* _The records_

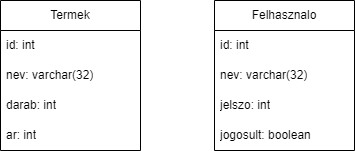

The diagram above was exported from draw.io. Its source (the exported page's mxGraphModel, read from the mxfile embedded in the PNG):
<mxGraphModel dx="1050" dy="483" grid="1" gridSize="10" guides="1" tooltips="1" connect="1" arrows="1" fold="1" page="1" pageScale="1" pageWidth="827" pageHeight="1169" math="0" shadow="0">
  <root>
    <mxCell id="0" />
    <mxCell id="1" parent="0" />
    <mxCell id="ytKB-JodEx_BMvv_F0wf-1" value="Termek" style="swimlane;fontStyle=0;childLayout=stackLayout;horizontal=1;startSize=30;horizontalStack=0;resizeParent=1;resizeParentMax=0;resizeLast=0;collapsible=1;marginBottom=0;whiteSpace=wrap;html=1;" vertex="1" parent="1">
      <mxGeometry x="60" y="50" width="140" height="150" as="geometry" />
    </mxCell>
    <mxCell id="ytKB-JodEx_BMvv_F0wf-2" value="id: int" style="text;strokeColor=none;fillColor=none;align=left;verticalAlign=middle;spacingLeft=4;spacingRight=4;overflow=hidden;points=[[0,0.5],[1,0.5]];portConstraint=eastwest;rotatable=0;whiteSpace=wrap;html=1;" vertex="1" parent="ytKB-JodEx_BMvv_F0wf-1">
      <mxGeometry y="30" width="140" height="30" as="geometry" />
    </mxCell>
    <mxCell id="ytKB-JodEx_BMvv_F0wf-3" value="nev: varchar(32)" style="text;strokeColor=none;fillColor=none;align=left;verticalAlign=middle;spacingLeft=4;spacingRight=4;overflow=hidden;points=[[0,0.5],[1,0.5]];portConstraint=eastwest;rotatable=0;whiteSpace=wrap;html=1;" vertex="1" parent="ytKB-JodEx_BMvv_F0wf-1">
      <mxGeometry y="60" width="140" height="30" as="geometry" />
    </mxCell>
    <mxCell id="ytKB-JodEx_BMvv_F0wf-7" value="darab: int" style="text;strokeColor=none;fillColor=none;align=left;verticalAlign=middle;spacingLeft=4;spacingRight=4;overflow=hidden;points=[[0,0.5],[1,0.5]];portConstraint=eastwest;rotatable=0;whiteSpace=wrap;html=1;" vertex="1" parent="ytKB-JodEx_BMvv_F0wf-1">
      <mxGeometry y="90" width="140" height="30" as="geometry" />
    </mxCell>
    <mxCell id="ytKB-JodEx_BMvv_F0wf-4" value="ar: int" style="text;strokeColor=none;fillColor=none;align=left;verticalAlign=middle;spacingLeft=4;spacingRight=4;overflow=hidden;points=[[0,0.5],[1,0.5]];portConstraint=eastwest;rotatable=0;whiteSpace=wrap;html=1;" vertex="1" parent="ytKB-JodEx_BMvv_F0wf-1">
      <mxGeometry y="120" width="140" height="30" as="geometry" />
    </mxCell>
    <mxCell id="ytKB-JodEx_BMvv_F0wf-8" value="Felhasznalo" style="swimlane;fontStyle=0;childLayout=stackLayout;horizontal=1;startSize=30;horizontalStack=0;resizeParent=1;resizeParentMax=0;resizeLast=0;collapsible=1;marginBottom=0;whiteSpace=wrap;html=1;" vertex="1" parent="1">
      <mxGeometry x="274" y="50" width="140" height="150" as="geometry" />
    </mxCell>
    <mxCell id="ytKB-JodEx_BMvv_F0wf-9" value="id: int" style="text;strokeColor=none;fillColor=none;align=left;verticalAlign=middle;spacingLeft=4;spacingRight=4;overflow=hidden;points=[[0,0.5],[1,0.5]];portConstraint=eastwest;rotatable=0;whiteSpace=wrap;html=1;" vertex="1" parent="ytKB-JodEx_BMvv_F0wf-8">
      <mxGeometry y="30" width="140" height="30" as="geometry" />
    </mxCell>
    <mxCell id="ytKB-JodEx_BMvv_F0wf-10" value="nev: varchar(32)" style="text;strokeColor=none;fillColor=none;align=left;verticalAlign=middle;spacingLeft=4;spacingRight=4;overflow=hidden;points=[[0,0.5],[1,0.5]];portConstraint=eastwest;rotatable=0;whiteSpace=wrap;html=1;" vertex="1" parent="ytKB-JodEx_BMvv_F0wf-8">
      <mxGeometry y="60" width="140" height="30" as="geometry" />
    </mxCell>
    <mxCell id="ytKB-JodEx_BMvv_F0wf-11" value="jelszo: int" style="text;strokeColor=none;fillColor=none;align=left;verticalAlign=middle;spacingLeft=4;spacingRight=4;overflow=hidden;points=[[0,0.5],[1,0.5]];portConstraint=eastwest;rotatable=0;whiteSpace=wrap;html=1;" vertex="1" parent="ytKB-JodEx_BMvv_F0wf-8">
      <mxGeometry y="90" width="140" height="30" as="geometry" />
    </mxCell>
    <mxCell id="ytKB-JodEx_BMvv_F0wf-12" value="jogosult: boolean" style="text;strokeColor=none;fillColor=none;align=left;verticalAlign=middle;spacingLeft=4;spacingRight=4;overflow=hidden;points=[[0,0.5],[1,0.5]];portConstraint=eastwest;rotatable=0;whiteSpace=wrap;html=1;" vertex="1" parent="ytKB-JodEx_BMvv_F0wf-8">
      <mxGeometry y="120" width="140" height="30" as="geometry" />
    </mxCell>
  </root>
</mxGraphModel>

* _Task objective_
Which lines above contain the word "mxGraphModel"? Copy each one.

* _Result of the exercise_
The diagram above was exported from draw.io. Its source (the exported page's mxGraphModel, read from the mxfile embedded in the PNG):
<mxGraphModel dx="1050" dy="483" grid="1" gridSize="10" guides="1" tooltips="1" connect="1" arrows="1" fold="1" page="1" pageScale="1" pageWidth="827" pageHeight="1169" math="0" shadow="0">
</mxGraphModel>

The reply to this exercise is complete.